Thanks for not tripping over my words while hearing my meaning.

>I remember a little pamphlet published by Tri Tac a few years ago called 
>"Gamers" that pointed out the many folibles of gamer folks. One of the 
>cartoons showed an overweight guy bragging about his N+1 level D&D 
>god/character to a kid, who promptly shot the guy, saying "people like him 
>are too stupid to live."

ROFL!!!    I wish I could see it...   uh, er, I mean, tsk tsk, what a shame... 
  ;-)>       Who/what is Tri Tac? (I just thought I would gather a few of my 
fundie friends and we would go picket them or something next weekend -- if we 
can't find any game stores, that is...)

>> Rich Ostero has the right idea when telling folks about all his kewl (and
>> socially acceptable) hobbies, but I think that he should include 
role-playing
>> to the mix so folks would associate RPG's with "normalcy"
>> (no offense intended by the "normalcy" comment, Rich)  ;-)>
>
>What's "normal"? ;) None taken, and I'll have to do some thinking about this. 
>Thanks, 

Uh, I think the traditional answer goes something like this (repeat after me): 

"WE are normal.  THEY are wierd and strange."
or a more modern-day, bohemian attitude:
"WE are wierd and strange, that makes us normal.  THEY are normal, that makes 
them wierd and strange."
if the above confuses you, then don't worry, YOU are normal...   :-)>

- ---Boyd
(socially acceptable now that he has been pardoned by Joe Walsh)

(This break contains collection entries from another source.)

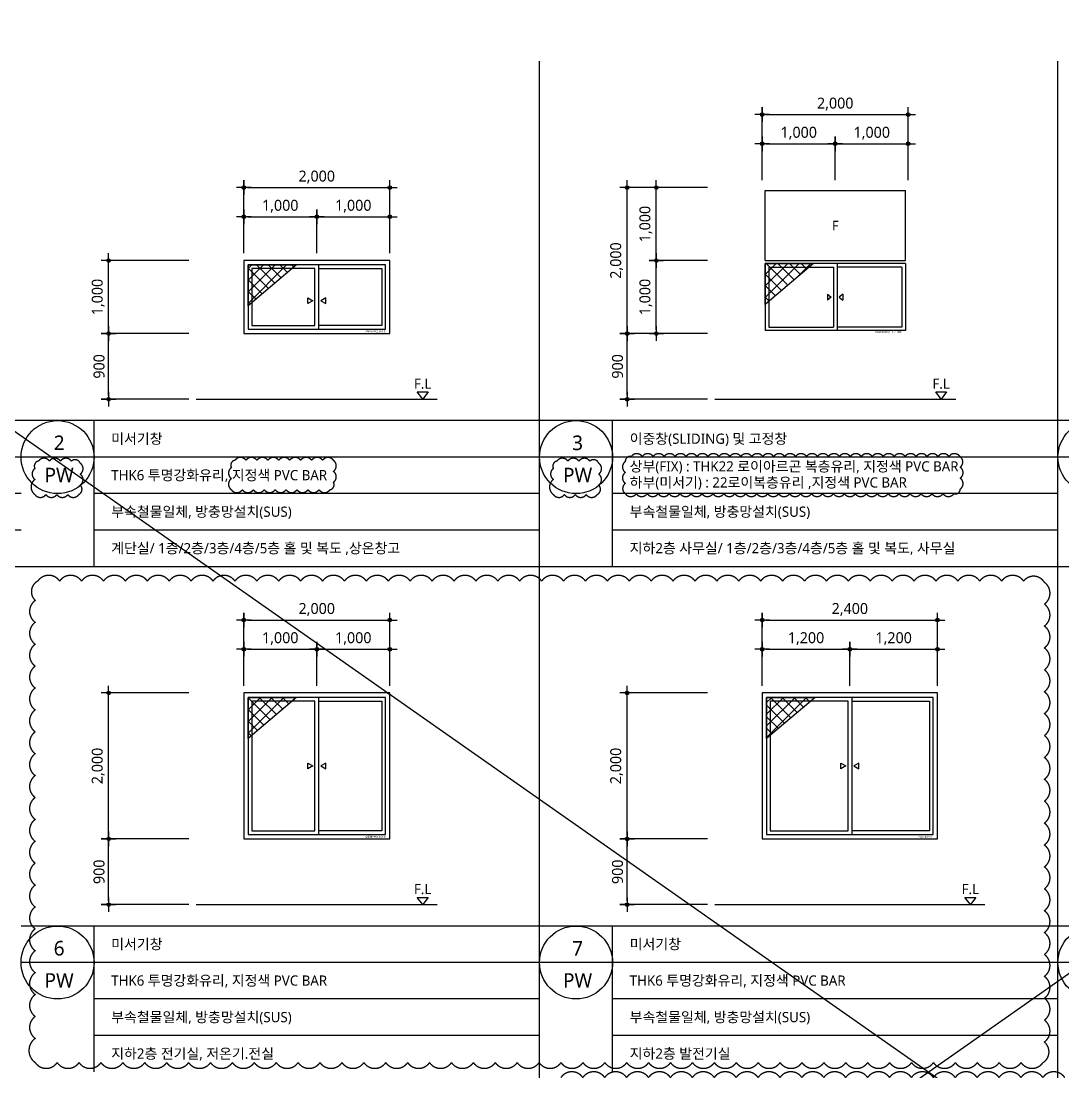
# Model space of a CAD drawing. Header units: millimetres. Extents: x 37653813 to 38677796, y 586285 to 874285.
# Drawn here: x 38523963 to 38538232, y 663783 to 678183 of the extents above; entities that cross this region are included whole.
import ezdxf
from ezdxf.enums import TextEntityAlignment as Align

# ---------------------------------------------------------------- set-up
doc = ezdxf.new("R2010")
doc.units = ezdxf.units.MM
doc.header["$LTSCALE"] = 1000
doc.header["$MEASUREMENT"] = 0
doc.header["$PDSIZE"] = -10
doc.linetypes.add('ACAD_ISO03W100', pattern=[30, 12, -18])
doc.linetypes.add('CEN', pattern=[62, 60, -1, 0, -1])
doc.layers.get('0').update_dxf_attribs({"linetype": 'CONTINUOUS'})
doc.layers.get('Defpoints').update_dxf_attribs({"color": 161, "linetype": 'CONTINUOUS'})
for name, color, linetype in [('BOX', 6, 'CONTINUOUS'), ('center(창호)', 1, 'CEN'), ('dim0', 7, 'CONTINUOUS'), ('hatch', 8, 'CONTINUOUS'), ('SYM', 7, 'CONTINUOUS'), ('TEX', 3, 'CONTINUOUS'), ('TEXT', 3, 'CONTINUOUS'), ('txt', 3, 'CONTINUOUS'), ('VE변경사항적용-20220616', 10, 'CONTINUOUS'), ('WID', 4, 'CONTINUOUS'), ('WIN-G', 252, 'CONTINUOUS')]:
    doc.layers.add(name, color=color, linetype=linetype)
doc.styles.add('나눔바른고딕', font='NanumBarunGothic.ttf')
doc.dimstyles.new('A1-100', dxfattribs={"dimtxt": 3, "dimasz": 1, "dimexe": 2, "dimexo": 2, "dimgap": 1, "dimtad": 1, "dimdec": 0, "dimzin": 12, "dimdsep": 46, "dimlunit": 6, "dimtxsty": '나눔바른고딕', "dimblk1": 'DIMDOT', "dimblk2": 'DIMDOT', "dimsah": 1, "dimcen": -1, "dimdle": 2, "dimclrd": 256, "dimclre": 256, "dimclrt": 3, "dimadec": 0, "dimazin": 0, "dimtfac": 1, "dimtdec": 0, "dimtix": 1, "dimtmove": 2, "dimatfit": 3, "dimldrblk": 'DIMDOT', "dimfxl": 1, "dimtvp": 1, "dimtolj": 1, "dimtzin": 12, "dimlwd": -1, "dimlwe": -1, "dimarcsym": 0})

# ---------------------------------------------------------------- blocks, each defined once
blk = doc.blocks.new('DIMDOT')
at = {"linetype": 'Continuous'}
for p, q in [((-2, 0), (2, 0)), ((0, -2), (0, 2))]:
    blk.add_line(p, q, dxfattribs=at)
for radius in [0.5, 0.25]:
    blk.add_circle((0, 0), radius, dxfattribs=at)
blk = doc.blocks.new('*D641')
at = {"layer": 'Defpoints', "color": 0, "transparency": 16777216}
for p in [(38532663, 674901), (38533463, 674901), (38533463, 673901)]:
    blk.add_point(p, dxfattribs=at)
at = {"layer": 'dim0', "transparency": 16777216}
for p, q in [((38533363, 674901), (38532563, 674901)), ((38532663, 673951), (38532663, 674851)), ((38533363, 673901), (38532563, 673901))]:
    blk.add_line(p, q, dxfattribs=at)
at = {"layer": 'dim0', "transparency": 16777216, "xscale": 50, "yscale": 50, "zscale": 50}
for p, rotation in [((38532663, 674901), 90), ((38532663, 673901), 270)]:
    blk.add_blockref('DIMDOT', p, dxfattribs=dict(at, rotation=rotation))
at = {"layer": 'dim0', "color": 3, "transparency": 16777216, "insert": (38532520, 674401), "char_height": 150, "attachment_point": 5, "rotation": 90, "style": '나눔바른고딕'}
blk.add_mtext('\\A1;1,000', dxfattribs=at)
blk = doc.blocks.new('*D642')
at = {"layer": 'Defpoints', "color": 0, "transparency": 16777216}
for p in [(38532263, 673901), (38533463, 673901), (38533463, 673001)]:
    blk.add_point(p, dxfattribs=at)
at = {"layer": 'dim0', "transparency": 16777216}
for p, q in [((38533363, 673901), (38532163, 673901)), ((38532263, 673051), (38532263, 673851)), ((38533363, 673001), (38532163, 673001))]:
    blk.add_line(p, q, dxfattribs=at)
at = {"layer": 'dim0', "transparency": 16777216, "xscale": 50, "yscale": 50, "zscale": 50}
for p, rotation in [((38532263, 673901), 90), ((38532263, 673001), 270)]:
    blk.add_blockref('DIMDOT', p, dxfattribs=dict(at, rotation=rotation))
at = {"layer": 'dim0', "color": 3, "transparency": 16777216, "insert": (38532132, 673451), "char_height": 150, "attachment_point": 5, "rotation": 90, "style": '나눔바른고딕'}
blk.add_mtext('\\A1;900', dxfattribs=at)
blk = doc.blocks.new('*D643')
at = {"layer": 'Defpoints', "color": 0, "transparency": 16777216}
for p in [(38535113, 676501), (38534113, 675901), (38535113, 675901)]:
    blk.add_point(p, dxfattribs=at)
at = {"layer": 'dim0', "transparency": 16777216}
for p, q in [((38534113, 676001), (38534113, 676601)), ((38535113, 676001), (38535113, 676601)), ((38534163, 676501), (38535063, 676501))]:
    blk.add_line(p, q, dxfattribs=at)
at = {"layer": 'dim0', "transparency": 16777216, "xscale": 50, "yscale": 50, "zscale": 50, "rotation": 180}
blk.add_blockref('DIMDOT', (38534113, 676501), dxfattribs=at)
at = {"layer": 'dim0', "transparency": 16777216, "xscale": 50, "yscale": 50, "zscale": 50}
blk.add_blockref('DIMDOT', (38535113, 676501), dxfattribs=at)
at = {"layer": 'dim0', "color": 3, "transparency": 16777216, "insert": (38534613, 676645), "char_height": 150, "attachment_point": 5, "style": '나눔바른고딕'}
blk.add_mtext('\\A1;1,000', dxfattribs=at)
blk = doc.blocks.new('*D644')
at = {"layer": 'Defpoints', "color": 0, "transparency": 16777216}
for p in [(38536113, 676901), (38534113, 675901), (38536113, 675901)]:
    blk.add_point(p, dxfattribs=at)
at = {"layer": 'dim0', "transparency": 16777216}
for p, q in [((38534113, 676001), (38534113, 677001)), ((38536113, 676001), (38536113, 677001)), ((38534163, 676901), (38536063, 676901))]:
    blk.add_line(p, q, dxfattribs=at)
at = {"layer": 'dim0', "transparency": 16777216, "xscale": 50, "yscale": 50, "zscale": 50, "rotation": 180}
blk.add_blockref('DIMDOT', (38534113, 676901), dxfattribs=at)
at = {"layer": 'dim0', "transparency": 16777216, "xscale": 50, "yscale": 50, "zscale": 50}
blk.add_blockref('DIMDOT', (38536113, 676901), dxfattribs=at)
at = {"layer": 'dim0', "color": 3, "transparency": 16777216, "insert": (38535113, 677045), "char_height": 150, "attachment_point": 5, "style": '나눔바른고딕'}
blk.add_mtext('\\A1;2,000', dxfattribs=at)
blk = doc.blocks.new('*D645')
at = {"layer": 'Defpoints', "color": 0, "transparency": 16777216}
for p in [(38536113, 676501), (38535113, 675901), (38536113, 675901)]:
    blk.add_point(p, dxfattribs=at)
at = {"layer": 'dim0', "transparency": 16777216}
for p, q in [((38535113, 676001), (38535113, 676601)), ((38536113, 676001), (38536113, 676601)), ((38535163, 676501), (38536063, 676501))]:
    blk.add_line(p, q, dxfattribs=at)
at = {"layer": 'dim0', "transparency": 16777216, "xscale": 50, "yscale": 50, "zscale": 50, "rotation": 180}
blk.add_blockref('DIMDOT', (38535113, 676501), dxfattribs=at)
at = {"layer": 'dim0', "transparency": 16777216, "xscale": 50, "yscale": 50, "zscale": 50}
blk.add_blockref('DIMDOT', (38536113, 676501), dxfattribs=at)
at = {"layer": 'dim0', "color": 3, "transparency": 16777216, "insert": (38535613, 676645), "char_height": 150, "attachment_point": 5, "style": '나눔바른고딕'}
blk.add_mtext('\\A1;1,000', dxfattribs=at)
blk = doc.blocks.new('A$C7b43b290')
at = {"ltscale": 1000}
blk.add_wipeout([(94, 2010), (2094, 2010), (2094, 10), (94, 10)], dxfattribs=at).dxf.layer = 'WID'
at = {"layer": 'WID', "ltscale": 1000}
for p, q in [((134, 1970), (2054, 1970)), ((134, 1010), (134, 1970)), ((2054, 1010), (2054, 1970)), ((2054, 970), (134, 970)), ((134, 970), (134, 50)), ((1119, 970), (1119, 50)), ((2054, 970), (2054, 50)), ((2054, 50), (134, 50))]:
    blk.add_line(p, q, dxfattribs=at)
blk.add_lwpolyline([(134, 1010), (2054, 1010)], dxfattribs=at)
at = {"layer": 'WIN-G'}
for p, q in [((184, 920), (184, 100)), ((184, 920), (1069, 920)), ((1069, 920), (1069, 100)), ((2004, 920), (1119, 920)), ((2004, 920), (2004, 100)), ((989, 550), (1039, 510)), ((989, 550), (989, 470)), ((1039, 510), (989, 470)), ((1199, 550), (1149, 510)), ((1149, 510), (1199, 470)), ((1199, 550), (1199, 470)), ((184, 100), (1069, 100)), ((2004, 100), (1119, 100))]:
    blk.add_line(p, q, dxfattribs=at)
at = {"layer": 'Defpoints', "style": '나눔바른고딕'}
blk.add_text('AW(2.0X2.0)-미서기+FIX', height=25, dxfattribs=at).set_placement((1639, 20))
blk = doc.blocks.new('*D646')
at = {"layer": 'Defpoints', "color": 0, "transparency": 16777216}
for p in [(38532663, 675901), (38533463, 675901), (38533463, 674901)]:
    blk.add_point(p, dxfattribs=at)
at = {"layer": 'dim0', "transparency": 16777216}
for p, q in [((38533363, 675901), (38532563, 675901)), ((38532663, 674951), (38532663, 675851)), ((38533363, 674901), (38532563, 674901))]:
    blk.add_line(p, q, dxfattribs=at)
at = {"layer": 'dim0', "transparency": 16777216, "xscale": 50, "yscale": 50, "zscale": 50}
for p, rotation in [((38532663, 675901), 90), ((38532663, 674901), 270)]:
    blk.add_blockref('DIMDOT', p, dxfattribs=dict(at, rotation=rotation))
at = {"layer": 'dim0', "color": 3, "transparency": 16777216, "insert": (38532520, 675401), "char_height": 150, "attachment_point": 5, "rotation": 90, "style": '나눔바른고딕'}
blk.add_mtext('\\A1;1,000', dxfattribs=at)
blk = doc.blocks.new('*D647')
at = {"layer": 'Defpoints', "color": 0, "transparency": 16777216}
for p in [(38532263, 675901), (38533463, 675901), (38533463, 673901)]:
    blk.add_point(p, dxfattribs=at)
at = {"layer": 'dim0', "transparency": 16777216}
for p, q in [((38533363, 675901), (38532163, 675901)), ((38532263, 673951), (38532263, 675851)), ((38533363, 673901), (38532163, 673901))]:
    blk.add_line(p, q, dxfattribs=at)
at = {"layer": 'dim0', "transparency": 16777216, "xscale": 50, "yscale": 50, "zscale": 50}
for p, rotation in [((38532263, 675901), 90), ((38532263, 673901), 270)]:
    blk.add_blockref('DIMDOT', p, dxfattribs=dict(at, rotation=rotation))
at = {"layer": 'dim0', "color": 3, "transparency": 16777216, "insert": (38532120, 674901), "char_height": 150, "attachment_point": 5, "rotation": 90, "style": '나눔바른고딕'}
blk.add_mtext('\\A1;2,000', dxfattribs=at)
blk = doc.blocks.new('AW(2.0X1.0)')
at = {"ltscale": 1000}
blk.add_wipeout([(887455, -28823), (889455, -28823), (889455, -27823), (887455, -27823)], dxfattribs=at).dxf.layer = 'WID'
at = {"layer": 'WID', "ltscale": 1000}
blk.add_line((888480, -27883), (888480, -28763), dxfattribs=at)
for points in [[(887455, -28823), (889455, -28823), (889455, -27823), (887455, -27823)], [(887515, -28763), (889395, -28763), (889395, -27883), (887515, -27883)]]:
    blk.add_lwpolyline(points, close=True, dxfattribs=at)
at = {"layer": 'WIN-G'}
for points in [[(888430, -27933), (887565, -27933), (887565, -28713), (888430, -28713)], [(888331, -28333), (888400, -28373), (888331, -28413)], [(888579, -28333), (888510, -28373), (888579, -28413)]]:
    blk.add_lwpolyline(points, close=True, dxfattribs=at)
blk.add_lwpolyline([(888480, -27933), (889345, -27933), (889345, -28713), (888480, -28713)], dxfattribs=at)
at = {"layer": 'Defpoints', "style": '나눔바른고딕'}
blk.add_text('상온용AW(2.0X1.0)', height=25, dxfattribs=at).set_placement((889119, -28806))
blk = doc.blocks.new('*D652')
at = {"layer": 'Defpoints', "color": 0, "transparency": 16777216}
for p in [(38525163, 674901), (38526363, 674901), (38526363, 673901)]:
    blk.add_point(p, dxfattribs=at)
at = {"layer": 'dim0', "transparency": 16777216}
for p, q in [((38526263, 674901), (38525063, 674901)), ((38525163, 673951), (38525163, 674851)), ((38526263, 673901), (38525063, 673901))]:
    blk.add_line(p, q, dxfattribs=at)
at = {"layer": 'dim0', "transparency": 16777216, "xscale": 50, "yscale": 50, "zscale": 50}
for p, rotation in [((38525163, 674901), 90), ((38525163, 673901), 270)]:
    blk.add_blockref('DIMDOT', p, dxfattribs=dict(at, rotation=rotation))
at = {"layer": 'dim0', "color": 3, "transparency": 16777216, "insert": (38525020, 674401), "char_height": 150, "attachment_point": 5, "rotation": 90, "style": '나눔바른고딕'}
blk.add_mtext('\\A1;1,000', dxfattribs=at)
blk = doc.blocks.new('*D653')
at = {"layer": 'Defpoints', "color": 0, "transparency": 16777216}
for p in [(38525163, 673901), (38526363, 673901), (38526363, 673001)]:
    blk.add_point(p, dxfattribs=at)
at = {"layer": 'dim0', "transparency": 16777216}
for p, q in [((38526263, 673901), (38525063, 673901)), ((38525163, 673051), (38525163, 673851)), ((38526263, 673001), (38525063, 673001))]:
    blk.add_line(p, q, dxfattribs=at)
at = {"layer": 'dim0', "transparency": 16777216, "xscale": 50, "yscale": 50, "zscale": 50}
for p, rotation in [((38525163, 673901), 90), ((38525163, 673001), 270)]:
    blk.add_blockref('DIMDOT', p, dxfattribs=dict(at, rotation=rotation))
at = {"layer": 'dim0', "color": 3, "transparency": 16777216, "insert": (38525032, 673451), "char_height": 150, "attachment_point": 5, "rotation": 90, "style": '나눔바른고딕'}
blk.add_mtext('\\A1;900', dxfattribs=at)
blk = doc.blocks.new('*D654')
at = {"layer": 'Defpoints', "color": 0, "transparency": 16777216}
for p in [(38528013, 675501), (38527013, 674901), (38528013, 674901)]:
    blk.add_point(p, dxfattribs=at)
at = {"layer": 'dim0', "transparency": 16777216}
for p, q in [((38527013, 675001), (38527013, 675601)), ((38528013, 675001), (38528013, 675601)), ((38527063, 675501), (38527963, 675501))]:
    blk.add_line(p, q, dxfattribs=at)
at = {"layer": 'dim0', "transparency": 16777216, "xscale": 50, "yscale": 50, "zscale": 50, "rotation": 180}
blk.add_blockref('DIMDOT', (38527013, 675501), dxfattribs=at)
at = {"layer": 'dim0', "transparency": 16777216, "xscale": 50, "yscale": 50, "zscale": 50}
blk.add_blockref('DIMDOT', (38528013, 675501), dxfattribs=at)
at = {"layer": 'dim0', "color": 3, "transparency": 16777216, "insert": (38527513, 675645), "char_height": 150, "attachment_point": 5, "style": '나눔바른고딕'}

------------------------------

From: Rob_Prior@nynet.nybe.north-york.on.ca (Rob Prior)
Date: 06 Oct 1996 17:35:46 GMT
Subject: Re: Traveller-digest V1996 #494

>Besides how many of you 'Holy Canonists' out 
>there think Virus is NOT a heresy? Show of hands please?...

Well, I'm not a 'holy canonist', but I did use/explain Virus.  My Virus
wasn't exactly like GDW's, but then my campaign isn't exactly like their's
either.  My background is telecon researcher and software engineer, while my
father's is epidemiologist/toxicologist with a strong interest in emergent
complexity in dynamic systems, a.life, and similar stuff.  Very hard-science
stuff.  Together, we made Virus work for us.

------------------------------

From: Joe Walsh <ransom@connect.iconnect.net>
Date: Sun, 6 Oct 1996 17:21:31 -0500 (CDT)
Subject: RE: Social Acceptance of RPGs

On Sun, 6 Oct 1996, Boyd Schneider ranted thusly:

> ---Boyd
> (socially acceptable now that he has been pardoned by Joe Walsh)

Hey, don't blame ME for your being socially acceptable.  That's your 
problem. :D


- -Joe
______________________________________________________________________________
Joseph E. Walsh      |  Atari 8-Bit User and Programmer Since 1982
ransom@iconnect.net  |  Classic Traveller Referee Since 1983
Stuck in the '80s    |  Microsoft-Free and Loving It! :)



------------------------------

From: Rob_Prior@nynet.nybe.north-york.on.ca (Rob Prior)
Date: 06 Oct 1996 19:43:32 GMT
Subject: Another Animal Bug

While looking for the base animal hit number (and not finding it), I noticed
another bug in the animal encounter table system.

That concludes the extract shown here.